Do any of those seem like a good beginner cage (in your experience) for one to two rats? 
If not, could you please tell me what I should be looking for (I was mainly looking for something that had decent locks, horizontal bars, and again, had a minimum(ish) of 24" L x 18" W x 24" L for a base standard)?

Thank you all! ^-^
*Also, I am aware that rats are curious critters that need things such as hammocks, tubes, plenty of toys/chews, etc to keep the preoccupied/comfortable and I will be getting types of lining for the shelves, etc - but I'm sure I'll be questioning toys and what not after I make a cage purchase xD 
Again, thank you to all that read and/or comment! I appreciate any and all advice/help :]


----------



## aklunaj (Apr 16, 2012)

Hi!
Number 1 seems ok, looks like a good size and will give you toom if you decided for a third rat too 

Number 2 looks very narrow. The rat on the picture basically takes up half of the depth of the cage, thats no good.

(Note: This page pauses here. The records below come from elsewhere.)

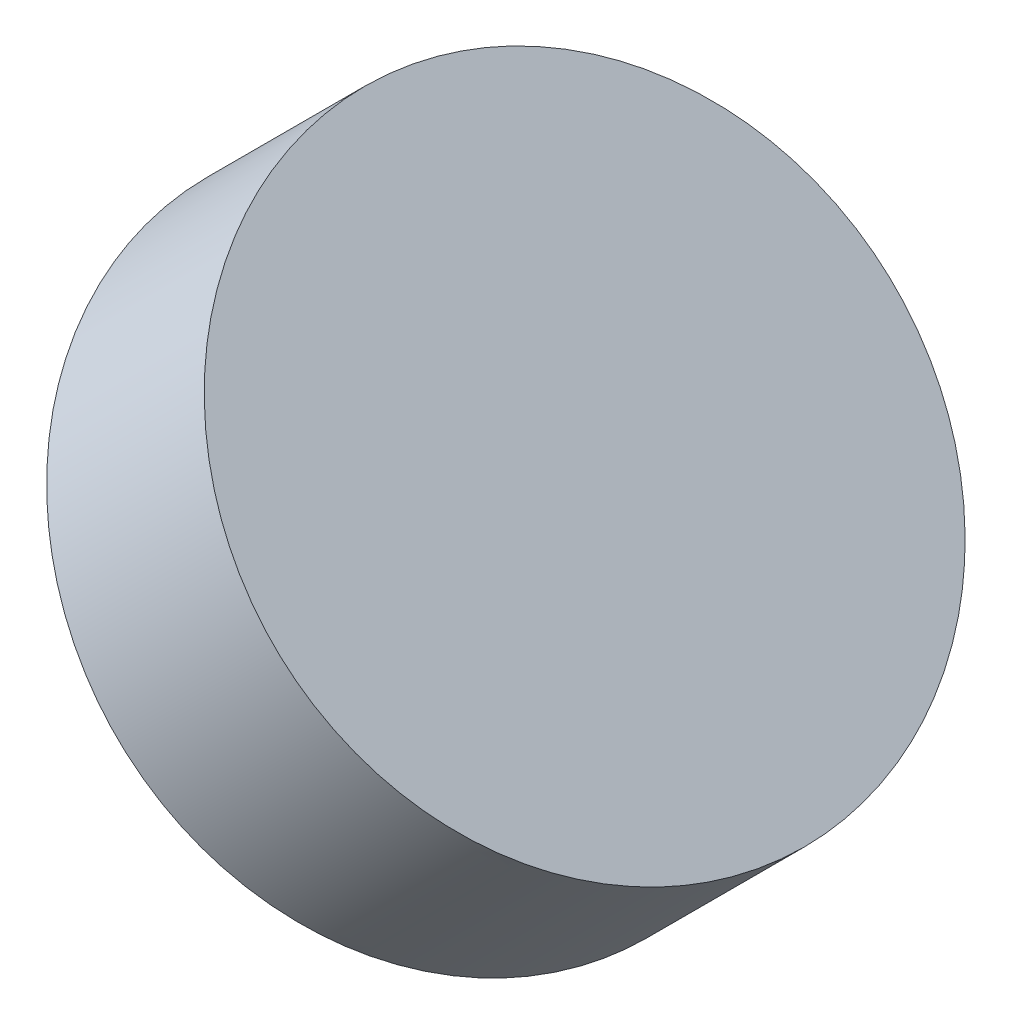
ISO-10303-21;
HEADER;
FILE_DESCRIPTION(('STEP AP214'),'2;1');
FILE_NAME('part.step','',(''),(''),'','','');
FILE_SCHEMA(('AUTOMOTIVE_DESIGN { 1 0 10303 214 1 1 1 1 }'));
ENDSEC;
DATA;
#1=APPLICATION_CONTEXT('core data for automotive mechanical design processes');
#2=APPLICATION_PROTOCOL_DEFINITION('international standard','automotive_design',2000,#1);
#3=PRODUCT_CONTEXT('',#1,'mechanical');
#4=PRODUCT('Part','Part','',(#3));
#5=PRODUCT_RELATED_PRODUCT_CATEGORY('part','',(#4));
#6=PRODUCT_DEFINITION_FORMATION('','',#4);
#7=PRODUCT_DEFINITION_CONTEXT('part definition',#1,'design');
#8=PRODUCT_DEFINITION('design','',#6,#7);
#9=PRODUCT_DEFINITION_SHAPE('','',#8);
#10=(LENGTH_UNIT() NAMED_UNIT(*) SI_UNIT(.MILLI.,.METRE.));
#11=(NAMED_UNIT(*) PLANE_ANGLE_UNIT() SI_UNIT($,.RADIAN.));
#12=(NAMED_UNIT(*) SI_UNIT($,.STERADIAN.) SOLID_ANGLE_UNIT());
#13=UNCERTAINTY_MEASURE_WITH_UNIT(LENGTH_MEASURE(1.E-05),#10,'distance_accuracy_value','');
#14=(GEOMETRIC_REPRESENTATION_CONTEXT(3) GLOBAL_UNCERTAINTY_ASSIGNED_CONTEXT((#13)) GLOBAL_UNIT_ASSIGNED_CONTEXT((#10,
#11,#12)) REPRESENTATION_CONTEXT('',''));
#15=CARTESIAN_POINT('',(0.,0.,0.));
#16=DIRECTION('',(0.,0.,1.));
#17=DIRECTION('',(1.,0.,0.));
#18=AXIS2_PLACEMENT_3D('',#15,#16,#17);
#19=CARTESIAN_POINT('',(15.2061360649185,25.4883691119521,12.5));
#20=CARTESIAN_POINT('',(15.2061360649185,25.4883691119521,12.6682299792076));
#21=CARTESIAN_POINT('',(15.2534599264889,25.4410452503816,13.0046899376229));
#22=CARTESIAN_POINT('',(15.4556103601578,25.2388948167128,13.4325454072684));
#23=CARTESIAN_POINT('',(15.7581498641119,24.9363553127587,13.7184292922025));
#24=CARTESIAN_POINT('',(16.1150195414016,24.5794856354689,13.8188183624877));
#25=CARTESIAN_POINT('',(16.4718892186914,24.2226159581791,13.7184292922025));
#26=CARTESIAN_POINT('',(16.7744287226455,23.920076454225,13.4325454072684));
#27=CARTESIAN_POINT('',(16.9765791563143,23.7179260205562,13.0046899376229));
#28=CARTESIAN_POINT('',(17.0475649486701,23.6469402282005,12.5));
#29=CARTESIAN_POINT('',(16.9765791563143,23.7179260205562,11.9953100623771));
#30=CARTESIAN_POINT('',(16.7744287226455,23.920076454225,11.5674545927316));
#31=CARTESIAN_POINT('',(16.4718892186914,24.2226159581791,11.2815707077975));
#32=CARTESIAN_POINT('',(16.1150195414016,24.5794856354689,11.1811816375123));
#33=CARTESIAN_POINT('',(15.7581498641118,24.9363553127587,11.2815707077975));
#34=CARTESIAN_POINT('',(15.4556103601578,25.2388948167128,11.5674545927316));
#35=CARTESIAN_POINT('',(15.2534599264889,25.4410452503816,11.9953100623771));
#36=CARTESIAN_POINT('',(15.2061360649185,25.4883691119521,12.3317700207924));
#37=CARTESIAN_POINT('',(15.2061360649185,25.4883691119521,12.5));
#38=B_SPLINE_CURVE_WITH_KNOTS('',3,(#19,#20,#21,#22,#23,#24,#25,#26,#27,#28,#29,#30,#31,#32,#33,
#34,#35,#36,#37),.UNSPECIFIED.,.T.,.F.,(4,1,1,1,1,1,1,1,1,1,1,1,1,1,1,1,4),(0.,0.0625,0.125,
0.1875,0.25,0.3125,0.375,0.4375,0.5,0.5625,0.625,0.6875,0.75,0.8125,0.875,0.9375,1.),.UNSPECIFIED.);
#39=DIRECTION('',(0.707106781186551,0.707106781186544,0.));
#40=VECTOR('',#39,1.);
#41=SURFACE_OF_LINEAR_EXTRUSION('',#38,#40);
#42=CARTESIAN_POINT('',(15.2061360649185,25.4883691119521,12.5));
#43=CARTESIAN_POINT('',(15.2061360577757,25.4883691190948,12.5168232400315));
#44=CARTESIAN_POINT('',(15.2063726904619,25.4881324864087,12.5336462920131));
#45=CARTESIAN_POINT('',(15.2073155725981,25.4871896042724,12.5672667861277));
#46=CARTESIAN_POINT('',(15.2080218416624,25.4864833352081,12.5840642271617));
#47=CARTESIAN_POINT('',(15.209900386229,25.4846047906416,12.6176078055949));
#48=CARTESIAN_POINT('',(15.2110726881151,25.4834324887555,12.6343539400354));
#49=CARTESIAN_POINT('',(15.2138796917333,25.4806254851372,12.6677693441755));
#50=CARTESIAN_POINT('',(15.2155144164853,25.4789907603852,12.6844386100066));
#51=CARTESIAN_POINT('',(15.2192426719177,25.4752625049529,12.7176746784822));
#52=CARTESIAN_POINT('',(15.2213362156754,25.4731689611951,12.7342414781923));
#53=CARTESIAN_POINT('',(15.2259785210311,25.4685266558395,12.7672470232649));
#54=CARTESIAN_POINT('',(15.228527282629,25.4659778942416,12.7836857686273));
#55=CARTESIAN_POINT('',(15.2340764386883,25.4604287381822,12.8164096084192));
#56=CARTESIAN_POINT('',(15.2370768202739,25.4574283565967,12.8326947072152));
#57=CARTESIAN_POINT('',(15.2435256316719,25.4509795451986,12.865085658272));
#58=CARTESIAN_POINT('',(15.24697403917,25.4475311377005,12.8811915194166));
#59=CARTESIAN_POINT('',(15.2543153120434,25.4401898648272,12.9131983921274));
#60=CARTESIAN_POINT('',(15.258208152243,25.4362970246276,12.9290994152403));
#61=CARTESIAN_POINT('',(15.2664347021672,25.4280704747034,12.9606710374439));
#62=CARTESIAN_POINT('',(15.2707683934718,25.4237367833987,12.9763416461307));
#63=CARTESIAN_POINT('',(15.2798730066104,25.4146321702601,13.0074267397893));
#64=CARTESIAN_POINT('',(15.2846439284445,25.4098612484261,13.0228412247612));
#65=CARTESIAN_POINT('',(15.2946126903099,25.3998924865606,13.0533922828395));
#66=CARTESIAN_POINT('',(15.2998105481643,25.3946946287062,13.0685288443114));
#67=CARTESIAN_POINT('',(15.3106229206853,25.3838822561853,13.0985023939195));
#68=CARTESIAN_POINT('',(15.3162374589271,25.3782677179435,13.1133393650447));
#69=CARTESIAN_POINT('',(15.3278729361971,25.3666322406735,13.1426920375979));
#70=CARTESIAN_POINT('',(15.3338938954459,25.3606112814247,13.1572077229933));
#71=CARTESIAN_POINT('',(15.3463319694185,25.3481732074521,13.1858961280244));
#72=CARTESIAN_POINT('',(15.3527490954302,25.3417560814404,13.2000688378719));
#73=CARTESIAN_POINT('',(15.3659692625331,25.3285359143374,13.2280495881575));
#74=CARTESIAN_POINT('',(15.3727723036243,25.3217328732462,13.2418576285956));
#75=CARTESIAN_POINT('',(15.386754062552,25.3077511143185,13.269087332709));
#76=CARTESIAN_POINT('',(15.3939327696742,25.3005724071963,13.2825090073868));
#77=CARTESIAN_POINT('',(15.4086556227345,25.2858495541361,13.3089442725482));
#78=CARTESIAN_POINT('',(15.4161997504605,25.27830542641,13.3219578833159));
#79=CARTESIAN_POINT('',(15.4316431995541,25.2628619773165,13.3475553096584));
#80=CARTESIAN_POINT('',(15.4395425007868,25.2549626760838,13.3601391495259));
#81=CARTESIAN_POINT('',(15.4556860612912,25.2388191155794,13.3848553483528));
#82=CARTESIAN_POINT('',(15.4639303061417,25.2305748707288,13.3969877261467));
#83=CARTESIAN_POINT('',(15.4807534376022,25.2137517392683,13.4207792268197));
#84=CARTESIAN_POINT('',(15.4893323242122,25.2051728526583,13.4324383496988));
#85=CARTESIAN_POINT('',(15.5068093160079,25.1876958608627,13.4552687919092));
#86=CARTESIAN_POINT('',(15.5157074345115,25.178797742359,13.4664400908458));
#87=CARTESIAN_POINT('',(15.5338075482592,25.1606976286113,13.4882804260036));
#88=CARTESIAN_POINT('',(15.5430095606808,25.1514956161897,13.4989494337501));
#89=CARTESIAN_POINT('',(15.5617021159389,25.1328030609316,13.5197706922247));
#90=CARTESIAN_POINT('',(15.5711926731184,25.1233125037521,13.5299229171972));
#91=CARTESIAN_POINT('',(15.5904469815467,25.1040581953238,13.5496961102986));
#92=CARTESIAN_POINT('',(15.6002107405754,25.0942944362951,13.5593170632752));
#93=CARTESIAN_POINT('',(15.6199961188451,25.0745090580255,13.578013202889));
#94=CARTESIAN_POINT('',(15.630017738086,25.0644874387846,13.5870883895262));
#95=CARTESIAN_POINT('',(15.6503035038249,25.0442016730456,13.6046784824281));
#96=CARTESIAN_POINT('',(15.6605676434015,25.033937533469,13.6131934046562));
#97=CARTESIAN_POINT('',(15.6813231172099,25.0131820596607,13.6296484544161));
#98=CARTESIAN_POINT('',(15.6918144401048,25.0026907367657,13.6375886105441));
#99=CARTESIAN_POINT('',(15.7130089402889,24.9814962365817,13.6528796144047));
#100=CARTESIAN_POINT('',(15.7237121055495,24.970793071321,13.6602304954777));
#101=CARTESIAN_POINT('',(15.7453149658892,24.9491902109814,13.6743284537079));
#102=CARTESIAN_POINT('',(15.7562146527414,24.9382905241292,13.6810755560706));
#103=CARTESIAN_POINT('',(15.7781951332609,24.9163100436096,13.6939514234514));
#104=CARTESIAN_POINT('',(15.7892759269283,24.9052292499423,13.7000801884696));
#105=CARTESIAN_POINT('',(15.8116004350826,24.882904741788,13.7117142869438));
#106=CARTESIAN_POINT('',(15.822844156355,24.8716610205156,13.7172195943501));
#107=CARTESIAN_POINT('',(15.8454764330893,24.8490287437813,13.7276017220132));
#108=CARTESIAN_POINT('',(15.8568649967159,24.8376401801546,13.7324785066663));
#109=CARTESIAN_POINT('',(15.8797688578725,24.8147363189981,13.7415985032046));
#110=CARTESIAN_POINT('',(15.8912841616842,24.8032210151863,13.7458416835324));
#111=CARTESIAN_POINT('',(15.9144234106507,24.7800817662198,13.7536893752988));
#112=CARTESIAN_POINT('',(15.926047358893,24.7684578179775,13.757293868528));
#113=CARTESIAN_POINT('',(15.9493858038428,24.7451193730278,13.7638590796947));
#114=CARTESIAN_POINT('',(15.9611003005501,24.7334048763204,13.7668197976322));
#115=CARTESIAN_POINT('',(15.9846017491575,24.709903427713,13.7720923471328));
#116=CARTESIAN_POINT('',(15.9963886989826,24.6981164778879,13.7744041971901));
#117=CARTESIAN_POINT('',(16.0200169608006,24.6744882160699,13.778373899388));
#118=CARTESIAN_POINT('',(16.0318582700577,24.6626469068128,13.7800317840835));
#119=CARTESIAN_POINT('',(16.0555771508079,24.6389280260626,13.7826884487377));
#120=CARTESIAN_POINT('',(16.06745472021,24.6270504566606,13.7836872660086));
#121=CARTESIAN_POINT('',(16.0912280407286,24.6032771361419,13.7850206972999));
#122=CARTESIAN_POINT('',(16.1031237910651,24.5913813858054,13.7853553390593));
#123=CARTESIAN_POINT('',(16.1269152917381,24.5675898851324,13.7853553390593));
#124=CARTESIAN_POINT('',(16.1388110420747,24.5556941347959,13.7850206972999));
#125=CARTESIAN_POINT('',(16.1625843625933,24.5319208142772,13.7836872660086));
#126=CARTESIAN_POINT('',(16.1744619319953,24.5200432448752,13.7826884487377));
#127=CARTESIAN_POINT('',(16.1981808127455,24.496324364125,13.7800317840835));
#128=CARTESIAN_POINT('',(16.2100221220026,24.4844830548679,13.778373899388));
#129=CARTESIAN_POINT('',(16.2336503838206,24.4608547930499,13.7744041971901));
#130=CARTESIAN_POINT('',(16.2454373336458,24.4490678432248,13.7720923471328));
#131=CARTESIAN_POINT('',(16.2689387822531,24.4255663946174,13.7668197976322));
#132=CARTESIAN_POINT('',(16.2806532789605,24.41385189791,13.7638590796947));
#133=CARTESIAN_POINT('',(16.3039917239102,24.3905134529603,13.757293868528));
#134=CARTESIAN_POINT('',(16.3156156721525,24.378889504718,13.7536893752988));
#135=CARTESIAN_POINT('',(16.338754921119,24.3557502557515,13.7458416835324));
#136=CARTESIAN_POINT('',(16.3502702249308,24.3442349519398,13.7415985032047));
#137=CARTESIAN_POINT('',(16.3731740860874,24.3213310907832,13.7324785066663));
#138=CARTESIAN_POINT('',(16.384562649714,24.3099425271566,13.7276017220132));
#139=CARTESIAN_POINT('',(16.4071949264483,24.2873102504223,13.7172195943501));
#140=CARTESIAN_POINT('',(16.4184386477207,24.2760665291498,13.7117142869438));
#141=CARTESIAN_POINT('',(16.440763155875,24.2537420209955,13.7000801884696));
#142=CARTESIAN_POINT('',(16.4518439495424,24.2426612273282,13.6939514234515));
#143=CARTESIAN_POINT('',(16.4738244300619,24.2206807468086,13.6810755560706));
#144=CARTESIAN_POINT('',(16.4847241169141,24.2097810599564,13.6743284537079));
#145=CARTESIAN_POINT('',(16.5063269772538,24.1881781996168,13.6602304954777));
#146=CARTESIAN_POINT('',(16.5170301425144,24.1774750343561,13.6528796144047));
#147=CARTESIAN_POINT('',(16.5382246426984,24.1562805341721,13.6375886105441));
#148=CARTESIAN_POINT('',(16.5487159655934,24.1457892112772,13.6296484544161));
#149=CARTESIAN_POINT('',(16.5694714394017,24.1250337374688,13.6131934046562));
#150=CARTESIAN_POINT('',(16.5797355789783,24.1147695978922,13.6046784824281));
#151=CARTESIAN_POINT('',(16.6000213447173,24.0944838321532,13.5870883895262));
#152=CARTESIAN_POINT('',(16.6100429639582,24.0844622129123,13.578013202889));
#153=CARTESIAN_POINT('',(16.6298283422278,24.0646768346427,13.5593170632752));
#154=CARTESIAN_POINT('',(16.6395921012566,24.054913075614,13.5496961102986));
#155=CARTESIAN_POINT('',(16.6588464096848,24.0356587671857,13.5299229171973));
#156=CARTESIAN_POINT('',(16.6683369668644,24.0261682100062,13.5197706922247));
#157=CARTESIAN_POINT('',(16.6870295221224,24.0074756547481,13.4989494337501));
#158=CARTESIAN_POINT('',(16.696231534544,23.9982736423265,13.4882804260036));
#159=CARTESIAN_POINT('',(16.7143316482917,23.9801735285788,13.4664400908458));
#160=CARTESIAN_POINT('',(16.7232297667954,23.9712754100751,13.4552687919092));
#161=CARTESIAN_POINT('',(16.7407067585911,23.9537984182795,13.4324383496988));
#162=CARTESIAN_POINT('',(16.749285645201,23.9452195316695,13.4207792268197));
#163=CARTESIAN_POINT('',(16.7661087766615,23.928396400209,13.3969877261467));
#164=CARTESIAN_POINT('',(16.7743530215121,23.9201521553585,13.3848553483528));
#165=CARTESIAN_POINT('',(16.7904965820165,23.904008594854,13.3601391495259));
#166=CARTESIAN_POINT('',(16.7983958832492,23.8961092936213,13.3475553096584));
#167=CARTESIAN_POINT('',(16.8138393323427,23.8806658445278,13.3219578833159));
#168=CARTESIAN_POINT('',(16.8213834600688,23.8731217168017,13.3089442725481));
#169=CARTESIAN_POINT('',(16.836106313129,23.8583988637415,13.2825090073868));
#170=CARTESIAN_POINT('',(16.8432850202512,23.8512201566193,13.269087332709));
#171=CARTESIAN_POINT('',(16.8572667791789,23.8372383976916,13.2418576285956));
#172=CARTESIAN_POINT('',(16.8640698202702,23.8304353566004,13.2280495881575));
#173=CARTESIAN_POINT('',(16.8772899873731,23.8172151894975,13.2000688378719));
#174=CARTESIAN_POINT('',(16.8837071133848,23.8107980634858,13.1858961280244));
#175=CARTESIAN_POINT('',(16.8961451873574,23.7983599895132,13.1572077229933));
#176=CARTESIAN_POINT('',(16.9021661466062,23.7923390302643,13.1426920375979));
#177=CARTESIAN_POINT('',(16.9138016238762,23.7807035529944,13.1133393650447));
#178=CARTESIAN_POINT('',(16.919416162118,23.7750890147526,13.0985023939194));
#179=CARTESIAN_POINT('',(16.9302285346389,23.7642766422316,13.0685288443114));
#180=CARTESIAN_POINT('',(16.9354263924933,23.7590787843772,13.0533922828395));
#181=CARTESIAN_POINT('',(16.9453951543588,23.7491100225118,13.0228412247611));
#182=CARTESIAN_POINT('',(16.9501660761928,23.7443391006777,13.0074267397891));
#183=CARTESIAN_POINT('',(16.9592706893315,23.7352344875391,12.9763416461309));
#184=CARTESIAN_POINT('',(16.9636043806361,23.7309007962344,12.9606710374447));
#185=CARTESIAN_POINT('',(16.9718309305602,23.7226742463103,12.9290994152396));
#186=CARTESIAN_POINT('',(16.9757237707597,23.7187814061108,12.9131983921246));
#187=CARTESIAN_POINT('',(16.9830650436334,23.7114401332371,12.8811915194195));
#188=CARTESIAN_POINT('',(16.986513451132,23.7079917257385,12.8650856582828));
#189=CARTESIAN_POINT('',(16.9929622625287,23.7015429143418,12.8326947072045));
#190=CARTESIAN_POINT('',(16.9959626441123,23.6985425327582,12.816409608379));
#191=CARTESIAN_POINT('',(17.0015118001769,23.6929933766936,12.7836857686675));
#192=CARTESIAN_POINT('',(17.0040605617821,23.6904446150885,12.7672470234149));
#193=CARTESIAN_POINT('',(17.008702867118,23.6858023097526,12.7342414780423));
#194=CARTESIAN_POINT('',(17.0107964108488,23.6837087660218,12.7176746779224));
#195=CARTESIAN_POINT('',(17.0145246663548,23.6799805105158,12.6844386105664));
#196=CARTESIAN_POINT('',(17.0161593912074,23.6783457856632,12.6677693462647));
#197=CARTESIAN_POINT('',(17.0189663945508,23.6755387823198,12.6343539379464));
#198=CARTESIAN_POINT('',(17.0201386960614,23.6743664808091,12.6176077977987));
#199=CARTESIAN_POINT('',(17.0220172416537,23.6724879352168,12.5840642349575));
#200=CARTESIAN_POINT('',(17.0227235121192,23.6717816647514,12.5672668152211));
#201=CARTESIAN_POINT('',(17.0236663904274,23.6708387864431,12.533646262921));
#202=CARTESIAN_POINT('',(17.0239030178848,23.6706021589857,12.5168231314605));
#203=CARTESIAN_POINT('',(17.0239030178848,23.6706021589857,12.4831768685395));
#204=CARTESIAN_POINT('',(17.0236663904274,23.6708387864431,12.466353737079));
#205=CARTESIAN_POINT('',(17.0227235121192,23.6717816647514,12.4327331847789));
#206=CARTESIAN_POINT('',(17.0220172416537,23.6724879352168,12.4159357650425));
#207=CARTESIAN_POINT('',(17.0201386960614,23.6743664808091,12.3823922022013));
#208=CARTESIAN_POINT('',(17.0189663945508,23.6755387823198,12.3656460620536));
#209=CARTESIAN_POINT('',(17.0161593912074,23.6783457856632,12.3322306537353));
#210=CARTESIAN_POINT('',(17.0145246663548,23.6799805105158,12.3155613894336));
#211=CARTESIAN_POINT('',(17.0107964108488,23.6837087660218,12.2823253220776));
#212=CARTESIAN_POINT('',(17.008702867118,23.6858023097526,12.2657585219577));
#213=CARTESIAN_POINT('',(17.0040605617821,23.6904446150885,12.2327529765851));
#214=CARTESIAN_POINT('',(17.0015118001769,23.6929933766936,12.2163142313325));
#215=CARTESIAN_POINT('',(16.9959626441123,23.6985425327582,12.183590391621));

I have to send this post now as I cannot see the other once and I dont remember what my comments were when I saw them... (I'm replying from my phone  ) ... Brb


Sent from Petguide.com Free App


----------



## portkeytonowhere (Dec 24, 2007)

I have the last cage you mentioned the all living things cage and I would suggest that cage or the petco rat manor cage Ive heard good things about. If you have chewers I suggest the rat manor. As far as toys go you should take a look at some of the stickys in this forum. There arent a ton of toys specifically for rats so you really have to think out of the box  I suggest lots of hammocks and homemade toys. Rats love homemade toys  By the way a relatively cheap treat mine love are gerber baby puffs. Tons of flavors but the banana is a huge hit 

Sent from Petguide.com Free App


----------



## aklunaj (Apr 16, 2012)

Number 3 is very small. Thats like on a border of being big enough for only 1 rat. Definitely wouldnt recommend for 2 rats.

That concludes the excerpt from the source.